What can we learn from Buffett's mistake? Let's take a look not just at ConocoPhillips, but at the entire portfolio that Buffett -- and now also Ted Weschler and Todd Combs -- manages. The reality is, the best way to address a major mistake -- and it looks like the way Buffett dealt with his billion-dollar blunder -- is to keep investing, and not dwell on one bad decision.  

HIstory lesson: Even Buffett can't see the future
Back in 2008, the Berkshire stock portfolio was valued at $49 billion, and the $7 billion invested in ConocoPhillips was the largest amount of money spent on any single stock, larger at the time even than the dollars invested in Buffett's favorite bank, Wells Fargo & Co. (NYSE:WFC). As a matter of fact, it was more money invested than the total dollars spent to buy shares of The Coca-Cola Company (NYSE:KO)The American Express Company (NYSE:AXP), and U.S. Bancorp (NYSE:USB) combined. 

Within the next year, Berkshire would vastly reduce its stake in ConocoPhillips, selling off about half of its position at a loss:

COP Chart

COP data by YCharts.

The graph above shows the market price of ConocoPhillips from the time frame Berkshire bought through the time frame Buffett sold off the first half of its stake. As you can see, the share price was well off the price Berkshire paid, and it probably created $1.5 billion in real losses. 

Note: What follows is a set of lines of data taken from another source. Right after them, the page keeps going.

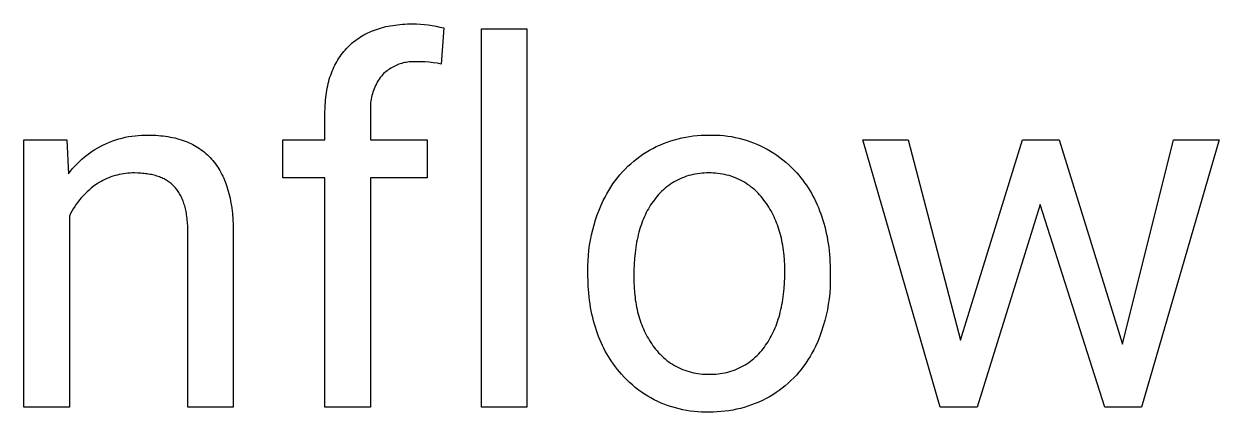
# Model space of a CAD drawing. Header units: millimetres. Extents: x -2542 to 6192, y -257 to 5845.
# Drawn here: x 3961.9 to 4162.9, y 127.8 to 193.1 of the extents above; entities that cross this region are included whole.
import ezdxf

# ---------------------------------------------------------------- set-up
doc = ezdxf.new("R2010")
doc.units = ezdxf.units.MM
doc.header["$MEASUREMENT"] = 0
doc.layers.add('Domyślny', color=7, linetype='Continuous', true_color=0x000000)

msp = doc.modelspace()

# ---------------------------------------------------------------- linework, layer by layer
at = {"layer": 'Domyślny'}
for p, q in [((4024.7, 192.94), (4025.1, 192.99)), ((4025.1, 192.99), (4025.51, 193.02)), ((4025.51, 193.02), (4025.93, 193.05)), ((4025.93, 193.05), (4026.36, 193.07)), ((4026.36, 193.07), (4026.79, 193.08)), ((4026.79, 193.08), (4027.22, 193.08)), ((4027.22, 193.08), (4027.89, 193.07)), ((4027.89, 193.07), (4028.55, 193.04)), ((4028.55, 193.04), (4029.21, 192.98)), ((4029.21, 192.98), (4029.87, 192.91)), ((4018.47, 190.89), (4018.76, 191.07)), ((4018.76, 191.07), (4019.06, 191.24)), ((4019.06, 191.24), (4019.37, 191.4)), ((4019.37, 191.4), (4019.68, 191.56)), ((4019.68, 191.56), (4020, 191.71)), ((4020, 191.71), (4020.32, 191.85)), ((4020.32, 191.85), (4020.65, 191.98)), ((4020.65, 191.98), (4020.99, 192.11)), ((4020.99, 192.11), (4021.33, 192.22)), ((4021.33, 192.22), (4021.68, 192.33)), ((4021.68, 192.33), (4022.03, 192.44)), ((4022.03, 192.44), (4022.4, 192.53)), ((4022.4, 192.53), (4022.76, 192.62)), ((4022.76, 192.62), (4023.14, 192.7)), ((4023.14, 192.7), (4023.52, 192.77)), ((4023.52, 192.77), (4023.91, 192.84)), ((4023.91, 192.84), (4024.3, 192.89)), ((4024.3, 192.89), (4024.7, 192.94)), ((4029.87, 192.91), (4030.53, 192.81)), ((4030.53, 192.81), (4031.19, 192.69)), ((4031.19, 192.69), (4031.84, 192.56)), ((4031.84, 192.56), (4032.48, 192.4)), ((4032.48, 192.4), (4032.06, 186.34)), ((4038.82, 128.63), (4038.82, 192.28)), ((4038.82, 192.28), (4046.47, 192.28)), ((4046.47, 192.28), (4046.47, 128.63)), ((4016.11, 188.94), (4016.34, 189.18)), ((4016.34, 189.18), (4016.59, 189.42)), ((4016.59, 189.42), (4016.84, 189.65)), ((4016.84, 189.65), (4017.09, 189.88)), ((4017.09, 189.88), (4017.36, 190.1)), ((4017.36, 190.1), (4017.62, 190.31)), ((4017.62, 190.31), (4017.9, 190.51)), ((4017.9, 190.51), (4018.18, 190.7)), ((4018.18, 190.7), (4018.47, 190.89)), ((4014.48, 186.73), (4014.66, 187.03)), ((4014.66, 187.03), (4014.84, 187.32)), ((4014.84, 187.32), (4015.04, 187.61)), ((4015.04, 187.61), (4015.23, 187.89)), ((4015.23, 187.89), (4015.44, 188.16)), ((4015.44, 188.16), (4015.66, 188.42)), ((4015.66, 188.42), (4015.88, 188.68)), ((4015.88, 188.68), (4016.11, 188.94)), ((4013.58, 184.82), (4013.71, 185.15)), ((4013.71, 185.15), (4013.85, 185.48)), ((4013.85, 185.48), (4014, 185.8)), ((4014, 185.8), (4014.15, 186.12)), ((4014.15, 186.12), (4014.31, 186.43)), ((4014.31, 186.43), (4014.48, 186.73)), ((4022.74, 185.05), (4022.54, 184.89)), ((4022.94, 185.21), (4022.74, 185.05)), ((4023.14, 185.36), (4022.94, 185.21)), ((4023.35, 185.5), (4023.14, 185.36)), ((4023.57, 185.63), (4023.35, 185.5)), ((4023.78, 185.76), (4023.57, 185.63)), ((4024.01, 185.88), (4023.78, 185.76)), ((4024.23, 186), (4024.01, 185.88)), ((4024.46, 186.1), (4024.23, 186)), ((4024.7, 186.2), (4024.46, 186.1)), ((4024.93, 186.29), (4024.7, 186.2)), ((4025.17, 186.37), (4024.93, 186.29)), ((4025.42, 186.44), (4025.17, 186.37)), ((4025.66, 186.51), (4025.42, 186.44)), ((4025.91, 186.57), (4025.66, 186.51)), ((4026.16, 186.62), (4025.91, 186.57)), ((4026.41, 186.65), (4026.16, 186.62)), ((4026.66, 186.69), (4026.41, 186.65)), ((4026.91, 186.71), (4026.66, 186.69)), ((4027.16, 186.72), (4026.91, 186.71)), ((4027.42, 186.73), (4027.16, 186.72)), ((4027.67, 186.73), (4027.42, 186.73)), ((4027.92, 186.71), (4027.67, 186.73)), ((4028.62, 186.71), (4027.92, 186.71)), ((4029.31, 186.68), (4028.62, 186.71)), ((4030, 186.63), (4029.31, 186.68)), ((4030.69, 186.55), (4030, 186.63)), ((4031.38, 186.46), (4030.69, 186.55)), ((4032.06, 186.34), (4031.38, 186.46)), ((4012.95, 182.67), (4013.04, 183.04)), ((4013.04, 183.04), (4013.13, 183.41)), ((4013.13, 183.41), (4013.23, 183.77)), ((4013.23, 183.77), (4013.34, 184.13)), ((4013.34, 184.13), (4013.46, 184.47)), ((4013.46, 184.47), (4013.58, 184.82)), ((4021.16, 183.02), (4021.02, 182.75)), ((4021.3, 183.29), (4021.16, 183.02)), ((4021.46, 183.55), (4021.3, 183.29)), ((4021.63, 183.81), (4021.46, 183.55)), ((4021.8, 184.06), (4021.63, 183.81)), ((4021.98, 184.3), (4021.8, 184.06)), ((4022.17, 184.54), (4021.98, 184.3)), ((4022.36, 184.72), (4022.17, 184.54)), ((4022.54, 184.89), (4022.36, 184.72)), ((4012.63, 180.71), (4012.68, 181.11)), ((4012.68, 181.11), (4012.74, 181.51)), ((4012.74, 181.51), (4012.8, 181.9)), ((4012.8, 181.9), (4012.87, 182.29)), ((4012.87, 182.29), (4012.95, 182.67)), ((4020.39, 181.03), (4020.32, 180.74)), ((4020.47, 181.33), (4020.39, 181.03)), ((4020.56, 181.62), (4020.47, 181.33)), ((4020.66, 181.91), (4020.56, 181.62)), ((4020.77, 182.19), (4020.66, 181.91)), ((4020.89, 182.47), (4020.77, 182.19)), ((4021.02, 182.75), (4020.89, 182.47)), ((4012.5, 178.14), (4012.51, 179.02)), ((4012.51, 179.02), (4012.53, 179.45)), ((4012.53, 179.45), (4012.56, 179.88)), ((4012.56, 179.88), (4012.59, 180.3)), ((4012.59, 180.3), (4012.63, 180.71)), ((4020.15, 179.53), (4020.13, 179.23)), ((4020.13, 179.23), (4020.13, 178.92)), ((4020.13, 178.92), (4020.13, 178.62)), ((4020.18, 179.83), (4020.15, 179.53)), ((4020.22, 180.14), (4020.18, 179.83)), ((4020.26, 180.44), (4020.22, 180.14)), ((4020.32, 180.74), (4020.26, 180.44)), ((4012.5, 173.59), (4012.5, 178.14)), ((4020.13, 178.62), (4020.15, 178.31)), ((4020.15, 178.31), (4020.15, 173.59)), ((3961.86, 128.63), (3961.86, 173.59)), ((3961.86, 173.59), (3969.11, 173.59)), ((3969.11, 173.59), (3969.35, 167.9)), ((3975.27, 172.76), (3975.77, 173)), ((3975.77, 173), (3976.28, 173.21)), ((3976.28, 173.21), (3976.8, 173.41)), ((3976.8, 173.41), (3977.32, 173.59)), ((3977.32, 173.59), (3977.85, 173.75)), ((3977.85, 173.75), (3978.38, 173.89)), ((3978.38, 173.89), (3978.92, 174.02)), ((3978.92, 174.02), (3979.46, 174.13)), ((3979.46, 174.13), (3980, 174.22)), ((3980, 174.22), (3980.55, 174.29)), ((3980.55, 174.29), (3981.1, 174.34)), ((3981.1, 174.34), (3981.65, 174.37)), ((3981.65, 174.37), (3982.2, 174.39)), ((3982.2, 174.39), (3982.76, 174.38)), ((3982.76, 174.38), (3983.2, 174.38)), ((3983.2, 174.38), (3983.63, 174.37)), ((3983.63, 174.37), (3984.06, 174.35)), ((3984.06, 174.35), (3984.48, 174.32)), ((3984.48, 174.32), (3984.89, 174.28)), ((3984.89, 174.28), (3985.29, 174.24)), ((3985.29, 174.24), (3985.69, 174.19)), ((3985.69, 174.19), (3986.08, 174.13)), ((3986.08, 174.13), (3986.47, 174.06)), ((3986.47, 174.06), (3986.85, 173.99)), ((3986.85, 173.99), (3987.22, 173.91)), ((3987.22, 173.91), (3987.58, 173.82)), ((3987.58, 173.82), (3987.94, 173.72)), ((3987.94, 173.72), (3988.29, 173.61)), ((3988.29, 173.61), (3988.64, 173.5)), ((3988.64, 173.5), (3988.97, 173.38)), ((3988.97, 173.38), (3989.3, 173.25)), ((3989.3, 173.25), (3989.63, 173.11)), ((3989.63, 173.11), (3989.94, 172.97)), ((3989.94, 172.97), (3990.25, 172.81)), ((4005.42, 167.22), (4005.42, 173.59)), ((4005.42, 173.59), (4012.5, 173.59)), ((4020.15, 173.59), (4029.71, 173.59)), ((4029.71, 173.59), (4029.71, 167.22)), ((4068.81, 172.72), (4069.41, 172.98)), ((4069.41, 172.98), (4070.02, 173.21)), ((4070.02, 173.21), (4070.64, 173.42)), ((4070.64, 173.42), (4071.26, 173.61)), ((4071.26, 173.61), (4071.89, 173.78)), ((4071.89, 173.78), (4072.52, 173.93)), ((4072.52, 173.93), (4073.16, 174.06)), ((4073.16, 174.06), (4073.8, 174.17)), ((4073.8, 174.17), (4074.44, 174.25)), ((4074.44, 174.25), (4075.09, 174.32)), ((4075.09, 174.32), (4075.74, 174.36)), ((4075.74, 174.36), (4076.39, 174.38)), ((4076.39, 174.38), (4077.04, 174.38)), ((4077.04, 174.38), (4077.68, 174.39)), ((4077.68, 174.39), (4078.32, 174.38)), ((4078.32, 174.38), (4078.96, 174.35)), ((4078.96, 174.35), (4079.59, 174.3)), ((4079.59, 174.3), (4080.23, 174.22)), ((4080.23, 174.22), (4080.86, 174.13)), ((4080.86, 174.13), (4081.49, 174.01)), ((4081.49, 174.01), (4082.12, 173.87)), ((4082.12, 173.87), (4082.73, 173.71)), ((4082.73, 173.71), (4083.35, 173.53)), ((4083.35, 173.53), (4083.96, 173.33)), ((4083.96, 173.33), (4084.55, 173.11)), ((4084.55, 173.11), (4085.15, 172.87)), ((4085.15, 172.87), (4085.73, 172.6)), ((4115.95, 128.63), (4102.96, 173.59)), ((4102.96, 173.59), (4110.57, 173.59)), ((4110.57, 173.59), (4119.39, 139.93)), ((4119.39, 139.93), (4129.81, 173.59)), ((4129.81, 173.59), (4135.98, 173.59)), ((4135.98, 173.59), (4146.61, 139.22)), ((4146.61, 139.22), (4155.22, 173.59)), ((4162.87, 173.59), (4149.84, 128.63)), ((4155.22, 173.59), (4162.87, 173.59)), ((3972.02, 170.69), (3972.46, 171.03)), ((3972.46, 171.03), (3972.9, 171.36)), ((3972.9, 171.36), (3973.35, 171.67)), ((3973.35, 171.67), (3973.82, 171.97)), ((3973.82, 171.97), (3974.29, 172.25)), ((3974.29, 172.25), (3974.78, 172.52)), ((3974.78, 172.52), (3975.27, 172.76)), ((3990.25, 172.81), (3990.56, 172.65)), ((3990.56, 172.65), (3990.85, 172.48)), ((3990.85, 172.48), (3991.14, 172.31)), ((3991.14, 172.31), (3991.42, 172.12)), ((3991.42, 172.12), (3991.7, 171.93)), ((3991.7, 171.93), (3991.97, 171.73)), ((3991.97, 171.73), (3992.23, 171.52)), ((3992.23, 171.52), (3992.48, 171.31)), ((3992.48, 171.31), (3992.73, 171.08)), ((3992.73, 171.08), (3992.97, 170.85)), ((4065.44, 170.79), (4065.97, 171.17)), ((4065.97, 171.17), (4066.51, 171.52)), ((4066.51, 171.52), (4067.07, 171.85)), ((4067.07, 171.85), (4067.64, 172.16)), ((4067.64, 172.16), (4068.22, 172.45)), ((4068.22, 172.45), (4068.81, 172.72)), ((4085.73, 172.6), (4086.3, 172.32)), ((4086.3, 172.32), (4086.87, 172.02)), ((4086.87, 172.02), (4087.42, 171.7)), ((4087.42, 171.7), (4087.96, 171.36)), ((4087.96, 171.36), (4088.5, 171.01)), ((4088.5, 171.01), (4089.01, 170.63)), ((3970.05, 168.76), (3970.42, 169.17)), ((3970.42, 169.17), (3970.8, 169.57)), ((3970.8, 169.57), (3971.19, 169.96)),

But with some context, the entire Berkshire stock portfolio lost $25 billion from 2007 to 2008, so the $3 billion in lost value of the ConocoPhillips stake was just part of the bigger market collapse that affected Berkshire's portfolio the same way it affected yours and mine. 

Source: Berkshire Hathaway 2008 & 2009 annual letter to shareholders.

As you can see from the tables above, the Berkshire portfolio, with a few notable exceptions like the big reduction in ConocoPhillips, remained largely unchanged. Actually, Buffett spent about $1.5 billion to increase Berkshire's investments in Wal-Mart and U.S. Bank, plus billions in investments that aren't listed as common stock. 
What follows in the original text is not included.